On Saturday, police blocked access to a memorial in the Siberian city of Novosibirsk and detained several people, OVD-Info said.

A man lays flowers for Alexei Navalny at the monument where the first camp of the Gulag political prison system was established, with the Federal Security Service (FSB, Soviet KGB successor) building in the background, in Moscow, Russia.

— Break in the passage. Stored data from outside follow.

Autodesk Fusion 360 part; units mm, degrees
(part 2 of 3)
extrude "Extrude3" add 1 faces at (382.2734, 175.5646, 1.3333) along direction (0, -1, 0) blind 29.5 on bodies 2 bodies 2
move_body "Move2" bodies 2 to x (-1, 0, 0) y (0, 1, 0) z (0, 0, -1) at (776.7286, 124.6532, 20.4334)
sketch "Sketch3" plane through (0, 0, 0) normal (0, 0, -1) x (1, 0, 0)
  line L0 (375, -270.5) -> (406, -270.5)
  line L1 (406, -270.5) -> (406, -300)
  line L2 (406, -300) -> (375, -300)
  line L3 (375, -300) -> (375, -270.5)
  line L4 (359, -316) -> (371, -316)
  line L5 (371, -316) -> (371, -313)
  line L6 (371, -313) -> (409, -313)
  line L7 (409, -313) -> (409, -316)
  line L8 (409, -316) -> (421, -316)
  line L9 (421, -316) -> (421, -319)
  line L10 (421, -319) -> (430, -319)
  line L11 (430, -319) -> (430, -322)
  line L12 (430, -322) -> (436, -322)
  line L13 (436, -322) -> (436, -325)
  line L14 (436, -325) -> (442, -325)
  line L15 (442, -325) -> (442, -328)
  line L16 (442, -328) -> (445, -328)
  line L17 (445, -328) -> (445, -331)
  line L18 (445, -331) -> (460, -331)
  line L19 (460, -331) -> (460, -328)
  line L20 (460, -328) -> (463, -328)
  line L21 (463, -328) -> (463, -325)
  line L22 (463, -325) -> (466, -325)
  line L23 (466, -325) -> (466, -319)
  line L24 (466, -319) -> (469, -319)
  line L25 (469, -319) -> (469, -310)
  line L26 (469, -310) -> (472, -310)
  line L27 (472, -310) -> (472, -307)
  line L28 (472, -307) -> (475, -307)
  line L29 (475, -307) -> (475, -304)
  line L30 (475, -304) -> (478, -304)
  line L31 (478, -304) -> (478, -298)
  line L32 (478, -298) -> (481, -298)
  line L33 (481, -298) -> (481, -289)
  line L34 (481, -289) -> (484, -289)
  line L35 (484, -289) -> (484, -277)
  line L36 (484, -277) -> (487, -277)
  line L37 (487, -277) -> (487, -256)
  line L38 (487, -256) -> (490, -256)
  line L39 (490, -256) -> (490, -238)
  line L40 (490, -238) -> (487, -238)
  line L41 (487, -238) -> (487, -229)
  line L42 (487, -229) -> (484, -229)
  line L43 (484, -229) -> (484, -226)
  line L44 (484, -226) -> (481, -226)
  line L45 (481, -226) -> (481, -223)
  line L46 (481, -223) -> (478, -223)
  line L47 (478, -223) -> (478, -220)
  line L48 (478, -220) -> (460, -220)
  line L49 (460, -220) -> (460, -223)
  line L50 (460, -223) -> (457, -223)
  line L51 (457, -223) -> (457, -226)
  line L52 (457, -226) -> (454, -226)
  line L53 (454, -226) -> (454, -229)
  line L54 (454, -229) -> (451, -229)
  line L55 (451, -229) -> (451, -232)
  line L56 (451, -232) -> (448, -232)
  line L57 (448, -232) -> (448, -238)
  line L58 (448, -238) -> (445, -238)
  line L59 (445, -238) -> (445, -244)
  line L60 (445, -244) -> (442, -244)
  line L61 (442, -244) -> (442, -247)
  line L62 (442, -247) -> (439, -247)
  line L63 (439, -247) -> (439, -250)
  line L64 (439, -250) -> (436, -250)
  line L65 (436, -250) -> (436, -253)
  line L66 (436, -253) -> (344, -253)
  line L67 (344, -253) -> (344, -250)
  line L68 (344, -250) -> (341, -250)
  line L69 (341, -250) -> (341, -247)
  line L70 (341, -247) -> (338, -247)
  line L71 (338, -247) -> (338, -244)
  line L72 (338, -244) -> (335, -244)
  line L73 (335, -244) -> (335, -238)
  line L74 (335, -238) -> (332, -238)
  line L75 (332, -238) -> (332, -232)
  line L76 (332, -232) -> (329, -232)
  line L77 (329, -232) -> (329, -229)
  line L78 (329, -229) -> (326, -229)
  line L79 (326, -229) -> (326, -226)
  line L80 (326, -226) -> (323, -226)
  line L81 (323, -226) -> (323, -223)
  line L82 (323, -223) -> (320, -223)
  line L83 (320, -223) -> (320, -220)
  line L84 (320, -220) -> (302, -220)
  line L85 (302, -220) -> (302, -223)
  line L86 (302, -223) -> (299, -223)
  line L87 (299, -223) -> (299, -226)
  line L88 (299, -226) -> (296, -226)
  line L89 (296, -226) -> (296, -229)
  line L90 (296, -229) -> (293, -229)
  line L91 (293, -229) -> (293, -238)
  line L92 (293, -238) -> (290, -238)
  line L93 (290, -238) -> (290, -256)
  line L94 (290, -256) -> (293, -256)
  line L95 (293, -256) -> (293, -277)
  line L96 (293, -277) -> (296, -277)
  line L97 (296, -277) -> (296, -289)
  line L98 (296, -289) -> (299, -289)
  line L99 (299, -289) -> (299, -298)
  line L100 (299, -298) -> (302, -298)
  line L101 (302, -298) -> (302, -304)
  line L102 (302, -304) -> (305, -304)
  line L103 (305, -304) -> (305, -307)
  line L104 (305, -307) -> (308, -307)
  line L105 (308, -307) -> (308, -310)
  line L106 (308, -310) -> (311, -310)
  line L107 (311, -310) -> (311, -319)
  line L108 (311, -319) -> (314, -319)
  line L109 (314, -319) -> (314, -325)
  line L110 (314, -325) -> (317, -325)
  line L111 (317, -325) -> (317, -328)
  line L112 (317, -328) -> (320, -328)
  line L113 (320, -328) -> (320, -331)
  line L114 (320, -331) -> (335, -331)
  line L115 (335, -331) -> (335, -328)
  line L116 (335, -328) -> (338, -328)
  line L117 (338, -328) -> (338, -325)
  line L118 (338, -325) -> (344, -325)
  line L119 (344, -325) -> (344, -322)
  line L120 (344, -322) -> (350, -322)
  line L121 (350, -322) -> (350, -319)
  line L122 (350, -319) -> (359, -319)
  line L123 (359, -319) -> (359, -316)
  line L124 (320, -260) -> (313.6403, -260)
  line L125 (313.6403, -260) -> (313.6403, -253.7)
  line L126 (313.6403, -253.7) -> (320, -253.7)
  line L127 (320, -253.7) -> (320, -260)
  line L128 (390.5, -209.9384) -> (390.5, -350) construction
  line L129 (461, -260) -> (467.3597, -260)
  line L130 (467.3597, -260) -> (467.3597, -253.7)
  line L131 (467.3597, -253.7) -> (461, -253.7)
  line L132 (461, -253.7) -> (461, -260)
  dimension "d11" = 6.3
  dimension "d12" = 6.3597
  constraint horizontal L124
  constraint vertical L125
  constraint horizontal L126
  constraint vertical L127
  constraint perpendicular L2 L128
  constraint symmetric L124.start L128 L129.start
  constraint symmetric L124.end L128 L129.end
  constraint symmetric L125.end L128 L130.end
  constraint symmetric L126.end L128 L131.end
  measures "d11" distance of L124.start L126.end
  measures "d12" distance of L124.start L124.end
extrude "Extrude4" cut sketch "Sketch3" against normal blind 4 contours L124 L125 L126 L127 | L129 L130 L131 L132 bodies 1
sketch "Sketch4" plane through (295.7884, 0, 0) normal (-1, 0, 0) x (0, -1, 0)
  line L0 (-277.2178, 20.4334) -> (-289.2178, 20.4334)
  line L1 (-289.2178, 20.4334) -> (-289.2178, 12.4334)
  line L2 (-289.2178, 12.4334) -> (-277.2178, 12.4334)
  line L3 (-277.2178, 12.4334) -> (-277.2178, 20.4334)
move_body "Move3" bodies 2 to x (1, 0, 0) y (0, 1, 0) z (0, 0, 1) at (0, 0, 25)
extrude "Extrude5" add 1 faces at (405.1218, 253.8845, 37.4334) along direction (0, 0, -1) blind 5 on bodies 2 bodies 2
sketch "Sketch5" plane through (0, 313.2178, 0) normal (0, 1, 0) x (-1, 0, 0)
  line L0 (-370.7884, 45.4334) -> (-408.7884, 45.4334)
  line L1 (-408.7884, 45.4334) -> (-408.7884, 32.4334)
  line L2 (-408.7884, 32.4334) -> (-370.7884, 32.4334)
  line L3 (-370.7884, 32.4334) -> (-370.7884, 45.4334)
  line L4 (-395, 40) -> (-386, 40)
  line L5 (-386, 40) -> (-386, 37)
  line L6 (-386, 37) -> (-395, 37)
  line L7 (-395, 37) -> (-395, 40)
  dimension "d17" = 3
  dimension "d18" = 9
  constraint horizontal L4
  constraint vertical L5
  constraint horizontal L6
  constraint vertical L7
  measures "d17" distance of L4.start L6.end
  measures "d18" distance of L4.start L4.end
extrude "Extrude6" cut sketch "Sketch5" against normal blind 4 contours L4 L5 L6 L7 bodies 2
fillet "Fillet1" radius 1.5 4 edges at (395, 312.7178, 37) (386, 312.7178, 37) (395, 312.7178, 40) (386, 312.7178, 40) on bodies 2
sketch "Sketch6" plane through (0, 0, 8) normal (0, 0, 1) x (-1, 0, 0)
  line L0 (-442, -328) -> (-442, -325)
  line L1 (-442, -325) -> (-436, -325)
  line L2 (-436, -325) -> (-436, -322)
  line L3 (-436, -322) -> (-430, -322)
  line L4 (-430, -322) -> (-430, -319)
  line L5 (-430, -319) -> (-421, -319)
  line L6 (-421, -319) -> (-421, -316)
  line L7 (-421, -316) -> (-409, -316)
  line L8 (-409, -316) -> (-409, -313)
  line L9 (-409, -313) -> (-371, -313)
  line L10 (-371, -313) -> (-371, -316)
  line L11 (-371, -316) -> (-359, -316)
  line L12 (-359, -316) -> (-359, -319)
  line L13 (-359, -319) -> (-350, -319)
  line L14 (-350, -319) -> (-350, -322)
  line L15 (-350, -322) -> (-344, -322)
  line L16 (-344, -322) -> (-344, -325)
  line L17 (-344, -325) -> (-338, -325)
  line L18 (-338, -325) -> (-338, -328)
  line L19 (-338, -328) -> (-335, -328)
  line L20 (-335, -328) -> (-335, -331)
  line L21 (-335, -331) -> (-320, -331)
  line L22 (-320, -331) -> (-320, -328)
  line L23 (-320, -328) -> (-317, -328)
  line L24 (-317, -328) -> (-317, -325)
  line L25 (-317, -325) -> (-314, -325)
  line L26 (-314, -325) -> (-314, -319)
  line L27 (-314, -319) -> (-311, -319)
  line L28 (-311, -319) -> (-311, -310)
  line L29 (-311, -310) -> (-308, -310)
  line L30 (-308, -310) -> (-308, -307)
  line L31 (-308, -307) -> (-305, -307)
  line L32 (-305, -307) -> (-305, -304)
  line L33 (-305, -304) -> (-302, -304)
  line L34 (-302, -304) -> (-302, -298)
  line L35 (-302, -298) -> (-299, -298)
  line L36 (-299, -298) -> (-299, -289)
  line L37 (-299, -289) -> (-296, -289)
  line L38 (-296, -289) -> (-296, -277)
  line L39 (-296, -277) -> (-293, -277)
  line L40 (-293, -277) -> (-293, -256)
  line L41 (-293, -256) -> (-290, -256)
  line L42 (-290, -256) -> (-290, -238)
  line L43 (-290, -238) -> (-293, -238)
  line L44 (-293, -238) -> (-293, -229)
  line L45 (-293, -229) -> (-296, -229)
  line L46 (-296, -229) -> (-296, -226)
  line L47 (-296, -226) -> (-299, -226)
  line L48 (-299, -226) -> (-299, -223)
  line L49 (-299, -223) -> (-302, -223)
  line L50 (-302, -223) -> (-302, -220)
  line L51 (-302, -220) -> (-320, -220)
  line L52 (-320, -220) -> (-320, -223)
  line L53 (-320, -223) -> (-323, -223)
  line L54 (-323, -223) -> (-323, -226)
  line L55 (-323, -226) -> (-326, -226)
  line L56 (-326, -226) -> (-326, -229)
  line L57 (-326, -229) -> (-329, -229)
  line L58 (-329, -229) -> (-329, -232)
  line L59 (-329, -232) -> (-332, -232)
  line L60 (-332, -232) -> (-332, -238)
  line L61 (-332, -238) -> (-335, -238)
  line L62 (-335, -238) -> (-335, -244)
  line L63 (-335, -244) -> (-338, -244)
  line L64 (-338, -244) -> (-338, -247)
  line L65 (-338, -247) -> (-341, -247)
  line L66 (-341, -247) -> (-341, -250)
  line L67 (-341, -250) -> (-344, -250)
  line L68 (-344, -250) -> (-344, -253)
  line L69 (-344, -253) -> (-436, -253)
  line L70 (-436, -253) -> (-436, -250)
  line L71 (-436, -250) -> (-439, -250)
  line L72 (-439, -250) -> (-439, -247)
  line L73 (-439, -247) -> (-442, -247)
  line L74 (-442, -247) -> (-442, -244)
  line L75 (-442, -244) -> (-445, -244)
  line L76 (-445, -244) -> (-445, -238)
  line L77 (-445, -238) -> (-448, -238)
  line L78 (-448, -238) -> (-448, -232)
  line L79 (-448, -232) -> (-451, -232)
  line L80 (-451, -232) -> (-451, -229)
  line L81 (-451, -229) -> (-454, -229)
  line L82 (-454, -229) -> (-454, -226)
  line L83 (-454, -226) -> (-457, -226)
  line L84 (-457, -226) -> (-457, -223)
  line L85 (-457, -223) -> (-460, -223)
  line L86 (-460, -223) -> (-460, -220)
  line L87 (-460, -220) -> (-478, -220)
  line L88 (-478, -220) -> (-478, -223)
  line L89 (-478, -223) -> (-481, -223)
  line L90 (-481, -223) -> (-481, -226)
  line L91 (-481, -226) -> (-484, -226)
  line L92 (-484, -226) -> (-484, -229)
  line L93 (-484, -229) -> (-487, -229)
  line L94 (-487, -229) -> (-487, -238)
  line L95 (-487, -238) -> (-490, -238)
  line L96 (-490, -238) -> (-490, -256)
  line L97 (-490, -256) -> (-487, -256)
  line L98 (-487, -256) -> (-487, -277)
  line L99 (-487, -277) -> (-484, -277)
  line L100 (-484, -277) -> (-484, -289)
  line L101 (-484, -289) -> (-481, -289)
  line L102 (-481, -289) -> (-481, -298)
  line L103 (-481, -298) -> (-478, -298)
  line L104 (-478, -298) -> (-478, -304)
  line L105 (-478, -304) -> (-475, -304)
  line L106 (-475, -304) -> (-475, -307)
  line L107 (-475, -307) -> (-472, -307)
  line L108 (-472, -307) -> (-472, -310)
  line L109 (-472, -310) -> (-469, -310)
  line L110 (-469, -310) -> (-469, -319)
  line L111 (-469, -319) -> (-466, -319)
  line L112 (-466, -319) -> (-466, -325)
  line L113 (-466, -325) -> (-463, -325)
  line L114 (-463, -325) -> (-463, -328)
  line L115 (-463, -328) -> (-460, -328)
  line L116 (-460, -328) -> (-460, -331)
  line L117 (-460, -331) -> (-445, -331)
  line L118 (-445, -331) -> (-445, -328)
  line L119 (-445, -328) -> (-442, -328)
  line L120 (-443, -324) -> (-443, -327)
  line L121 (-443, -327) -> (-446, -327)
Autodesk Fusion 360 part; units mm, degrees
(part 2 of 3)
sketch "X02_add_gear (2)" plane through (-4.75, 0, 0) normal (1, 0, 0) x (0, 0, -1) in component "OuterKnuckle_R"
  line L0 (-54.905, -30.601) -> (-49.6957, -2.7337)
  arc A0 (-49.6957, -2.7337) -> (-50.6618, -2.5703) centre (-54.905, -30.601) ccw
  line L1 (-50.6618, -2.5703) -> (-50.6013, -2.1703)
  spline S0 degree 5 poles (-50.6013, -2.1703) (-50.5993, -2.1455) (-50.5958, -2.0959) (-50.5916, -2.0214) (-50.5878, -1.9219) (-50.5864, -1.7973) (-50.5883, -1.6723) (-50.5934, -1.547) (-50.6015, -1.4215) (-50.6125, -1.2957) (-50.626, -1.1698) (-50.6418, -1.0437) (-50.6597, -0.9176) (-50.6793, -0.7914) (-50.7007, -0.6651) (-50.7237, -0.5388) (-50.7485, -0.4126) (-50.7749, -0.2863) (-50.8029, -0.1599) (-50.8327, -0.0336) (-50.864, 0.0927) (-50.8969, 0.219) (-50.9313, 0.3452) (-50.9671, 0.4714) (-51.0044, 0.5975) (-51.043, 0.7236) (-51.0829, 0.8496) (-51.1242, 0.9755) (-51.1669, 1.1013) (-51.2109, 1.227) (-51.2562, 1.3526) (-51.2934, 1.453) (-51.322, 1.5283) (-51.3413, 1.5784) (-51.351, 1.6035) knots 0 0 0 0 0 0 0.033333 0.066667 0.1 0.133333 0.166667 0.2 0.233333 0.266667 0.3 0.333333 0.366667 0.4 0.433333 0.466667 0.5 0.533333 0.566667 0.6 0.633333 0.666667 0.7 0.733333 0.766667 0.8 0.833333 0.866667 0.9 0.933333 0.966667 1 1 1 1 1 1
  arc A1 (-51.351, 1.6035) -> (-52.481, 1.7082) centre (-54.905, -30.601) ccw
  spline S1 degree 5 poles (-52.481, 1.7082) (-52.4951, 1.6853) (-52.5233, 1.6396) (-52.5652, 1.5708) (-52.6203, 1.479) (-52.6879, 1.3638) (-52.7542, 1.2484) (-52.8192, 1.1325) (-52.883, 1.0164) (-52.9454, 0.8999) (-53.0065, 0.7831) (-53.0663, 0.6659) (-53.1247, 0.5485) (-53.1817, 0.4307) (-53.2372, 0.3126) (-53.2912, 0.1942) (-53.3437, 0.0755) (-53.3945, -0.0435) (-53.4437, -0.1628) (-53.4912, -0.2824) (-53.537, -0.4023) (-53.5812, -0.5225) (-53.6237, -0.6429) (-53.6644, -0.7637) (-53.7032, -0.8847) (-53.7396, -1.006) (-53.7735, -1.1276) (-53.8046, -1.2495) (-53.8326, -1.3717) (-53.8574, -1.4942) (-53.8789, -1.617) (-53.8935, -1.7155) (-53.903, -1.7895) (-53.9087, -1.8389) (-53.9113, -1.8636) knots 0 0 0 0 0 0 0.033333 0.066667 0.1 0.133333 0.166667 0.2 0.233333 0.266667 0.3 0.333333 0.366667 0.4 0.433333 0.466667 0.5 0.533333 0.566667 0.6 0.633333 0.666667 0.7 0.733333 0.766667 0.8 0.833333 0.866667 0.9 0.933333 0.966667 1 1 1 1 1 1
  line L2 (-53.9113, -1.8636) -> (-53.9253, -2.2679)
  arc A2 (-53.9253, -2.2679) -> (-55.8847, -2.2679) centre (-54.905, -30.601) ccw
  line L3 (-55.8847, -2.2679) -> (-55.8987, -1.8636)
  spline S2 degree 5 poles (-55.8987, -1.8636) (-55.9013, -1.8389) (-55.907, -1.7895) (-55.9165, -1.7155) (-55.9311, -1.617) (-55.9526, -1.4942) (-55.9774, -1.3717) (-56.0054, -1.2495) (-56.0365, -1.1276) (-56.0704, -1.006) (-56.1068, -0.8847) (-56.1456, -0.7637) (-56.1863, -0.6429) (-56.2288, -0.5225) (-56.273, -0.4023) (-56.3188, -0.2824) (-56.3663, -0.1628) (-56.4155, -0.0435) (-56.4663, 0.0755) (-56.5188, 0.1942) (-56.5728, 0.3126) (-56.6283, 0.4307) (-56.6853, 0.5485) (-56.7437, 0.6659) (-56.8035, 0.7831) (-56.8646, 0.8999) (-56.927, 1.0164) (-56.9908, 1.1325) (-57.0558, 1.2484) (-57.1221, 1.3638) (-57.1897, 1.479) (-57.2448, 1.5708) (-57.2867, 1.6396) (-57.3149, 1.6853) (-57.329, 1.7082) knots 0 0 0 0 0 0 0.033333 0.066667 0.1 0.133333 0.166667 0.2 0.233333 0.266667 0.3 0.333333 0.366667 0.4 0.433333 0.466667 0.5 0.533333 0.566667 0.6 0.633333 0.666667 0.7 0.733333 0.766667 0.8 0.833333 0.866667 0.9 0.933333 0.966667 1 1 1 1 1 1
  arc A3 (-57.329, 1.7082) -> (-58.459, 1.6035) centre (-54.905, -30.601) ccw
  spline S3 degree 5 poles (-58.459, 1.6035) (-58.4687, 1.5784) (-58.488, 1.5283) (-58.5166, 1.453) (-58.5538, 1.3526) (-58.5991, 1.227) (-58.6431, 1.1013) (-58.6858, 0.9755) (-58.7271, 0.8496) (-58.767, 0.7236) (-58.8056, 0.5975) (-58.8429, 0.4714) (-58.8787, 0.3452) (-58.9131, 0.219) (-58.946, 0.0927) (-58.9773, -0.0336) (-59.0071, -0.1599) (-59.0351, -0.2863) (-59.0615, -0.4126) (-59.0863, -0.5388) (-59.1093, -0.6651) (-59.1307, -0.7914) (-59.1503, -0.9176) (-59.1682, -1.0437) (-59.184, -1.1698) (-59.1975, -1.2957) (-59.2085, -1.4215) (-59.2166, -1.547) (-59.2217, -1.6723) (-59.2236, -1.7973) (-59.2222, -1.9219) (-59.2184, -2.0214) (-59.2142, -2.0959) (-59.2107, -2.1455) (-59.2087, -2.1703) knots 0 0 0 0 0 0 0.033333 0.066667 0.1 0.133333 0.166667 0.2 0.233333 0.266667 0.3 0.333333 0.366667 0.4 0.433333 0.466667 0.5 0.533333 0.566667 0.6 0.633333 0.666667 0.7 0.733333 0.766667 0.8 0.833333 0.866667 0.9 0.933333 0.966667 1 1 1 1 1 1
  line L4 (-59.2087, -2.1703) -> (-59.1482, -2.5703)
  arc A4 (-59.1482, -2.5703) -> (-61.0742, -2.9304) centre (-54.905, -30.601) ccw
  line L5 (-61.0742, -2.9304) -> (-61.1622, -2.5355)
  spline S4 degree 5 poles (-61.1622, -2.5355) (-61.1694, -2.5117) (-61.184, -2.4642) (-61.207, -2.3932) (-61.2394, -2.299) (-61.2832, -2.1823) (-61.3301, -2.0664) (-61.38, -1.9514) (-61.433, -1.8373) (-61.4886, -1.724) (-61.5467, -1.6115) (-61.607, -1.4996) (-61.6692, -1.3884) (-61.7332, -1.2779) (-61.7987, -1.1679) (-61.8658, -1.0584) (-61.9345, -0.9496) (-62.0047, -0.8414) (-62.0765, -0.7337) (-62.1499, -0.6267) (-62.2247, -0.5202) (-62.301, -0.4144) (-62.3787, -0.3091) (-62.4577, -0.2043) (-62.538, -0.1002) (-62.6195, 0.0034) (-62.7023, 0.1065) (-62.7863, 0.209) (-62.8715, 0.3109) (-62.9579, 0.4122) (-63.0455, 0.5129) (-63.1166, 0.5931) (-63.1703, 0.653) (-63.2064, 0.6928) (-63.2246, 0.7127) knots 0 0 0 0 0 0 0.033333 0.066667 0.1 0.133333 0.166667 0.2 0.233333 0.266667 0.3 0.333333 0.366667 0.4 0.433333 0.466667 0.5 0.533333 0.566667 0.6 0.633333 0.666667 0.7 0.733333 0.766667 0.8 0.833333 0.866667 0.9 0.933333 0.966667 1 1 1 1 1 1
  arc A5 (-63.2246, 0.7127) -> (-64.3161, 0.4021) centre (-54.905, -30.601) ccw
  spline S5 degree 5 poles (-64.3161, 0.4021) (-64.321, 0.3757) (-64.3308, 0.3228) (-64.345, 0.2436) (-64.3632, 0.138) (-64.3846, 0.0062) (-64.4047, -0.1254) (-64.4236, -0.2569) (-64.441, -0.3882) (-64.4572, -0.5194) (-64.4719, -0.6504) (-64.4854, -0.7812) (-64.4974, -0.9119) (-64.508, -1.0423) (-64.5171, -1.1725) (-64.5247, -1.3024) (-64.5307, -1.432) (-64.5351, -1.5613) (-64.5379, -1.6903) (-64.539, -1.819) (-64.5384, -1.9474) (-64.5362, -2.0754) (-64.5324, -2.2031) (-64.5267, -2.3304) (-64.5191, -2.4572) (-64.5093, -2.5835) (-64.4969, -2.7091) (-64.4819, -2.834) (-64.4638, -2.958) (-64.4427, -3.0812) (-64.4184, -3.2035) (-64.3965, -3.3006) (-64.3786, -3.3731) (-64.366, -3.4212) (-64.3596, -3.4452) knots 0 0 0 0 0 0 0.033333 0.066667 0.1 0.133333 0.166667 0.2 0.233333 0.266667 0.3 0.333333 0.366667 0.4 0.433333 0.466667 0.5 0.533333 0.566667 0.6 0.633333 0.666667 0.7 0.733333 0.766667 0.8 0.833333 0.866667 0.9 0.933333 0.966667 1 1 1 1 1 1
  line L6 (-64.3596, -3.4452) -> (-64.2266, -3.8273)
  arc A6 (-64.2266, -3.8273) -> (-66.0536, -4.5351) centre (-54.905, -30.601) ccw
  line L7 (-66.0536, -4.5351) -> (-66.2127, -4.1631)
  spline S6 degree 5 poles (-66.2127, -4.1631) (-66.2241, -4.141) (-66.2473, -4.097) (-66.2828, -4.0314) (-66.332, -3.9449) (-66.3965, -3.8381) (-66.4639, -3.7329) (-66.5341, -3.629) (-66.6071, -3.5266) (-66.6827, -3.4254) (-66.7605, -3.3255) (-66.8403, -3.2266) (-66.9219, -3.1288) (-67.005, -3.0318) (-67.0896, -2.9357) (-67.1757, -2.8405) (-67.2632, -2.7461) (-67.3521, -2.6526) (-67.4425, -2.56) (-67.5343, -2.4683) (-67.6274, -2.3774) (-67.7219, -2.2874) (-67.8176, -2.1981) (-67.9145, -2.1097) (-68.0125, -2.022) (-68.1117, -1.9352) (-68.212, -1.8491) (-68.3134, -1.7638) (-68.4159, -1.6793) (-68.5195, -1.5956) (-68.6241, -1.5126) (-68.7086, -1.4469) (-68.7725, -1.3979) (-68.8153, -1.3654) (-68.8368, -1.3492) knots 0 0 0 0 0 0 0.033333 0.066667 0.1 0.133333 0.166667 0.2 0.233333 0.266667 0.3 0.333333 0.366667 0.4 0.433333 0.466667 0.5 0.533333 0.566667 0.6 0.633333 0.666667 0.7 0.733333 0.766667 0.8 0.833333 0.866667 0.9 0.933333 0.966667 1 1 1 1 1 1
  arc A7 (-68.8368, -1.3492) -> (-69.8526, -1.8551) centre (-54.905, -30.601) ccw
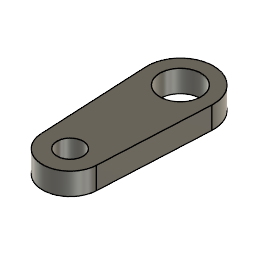
Single Arm (Autodesk Fusion 360 design; units mm, degrees)
Autodesk Fusion 360 part; units mm, degrees
sketch "Sketch1" plane through (0, 0, 0) normal (0, 0, 1) x (1, 0, 0)
  circle A0 centre (0, 0) radius 2.3622
  circle A1 centre (0, 0) radius 3.81
  circle A2 centre (0, -12.7) radius 3.175
  line L0 (-3.8052, -0.1905) -> (-3.171, -12.8587)
  line L1 (3.171, -12.8587) -> (3.8052, -0.1905)
  circle A3 centre (0, -12.7) radius 1.5
  dimension "d1" = 4.7244
  dimension "d2" = 7.62
  dimension "d3" = 6.35
  dimension "d4" = 12.7
  dimension "d5" = 3
  constraint coincident A0.centre A1.centre
  constraint concentric A0 A1
  constraint coincident A1 L0.start
  constraint coincident A2 L0.end
  constraint tangent A2 L0
  constraint coincident A2 L1.start
  constraint coincident A1 L1.end
  constraint tangent A1 L1
  constraint tangent A1 L0
  constraint vertical A0.centre A2.centre
  constraint tangent A2 L1
  constraint concentric A2 A3
  measures "d1" diameter of A0
  measures "d2" diameter of A1
  measures "d3" diameter of A2
  measures "d4" vertical distance of A0.centre A2.centre
  measures "d5" diameter of A3
extrude "Extrude1" add sketch "Sketch1" along normal blind 2.54
equation "d1 = ( 0.093 * 2 ) * 1 in"

Photo: Alexander Zemlianichenko/AP.

Videos and photos shared on Russian social media channels showed flowers being cleared from monuments to victims of Soviet-era repressions across Russia.

In Moscow, flowers were removed overnight from a memorial near the headquarters of Russia’s Federal Security Service by a large group while police looked on, a video showed.

But by morning more flowers had appeared.

The news of Mr Navalny’s death comes less than a month before an election that will give Mr Putin another six years in power.

It shows “that the sentence in Russia now for opposition is not merely imprisonment, but death”, said Nigel Gould-Davies, a former British ambassador to Belarus and senior fellow for Russia & Eurasia at the International Institute for Strategic Studies in London.

Russia’s Federal Penitentiary Service reported that Mr Navalny felt sick after a walk on Friday and lost consciousness at the penal colony in the town of Kharp, in the Yamalo-Nenets region about 1,900 kilometres (1,200 miles) north-east of Moscow.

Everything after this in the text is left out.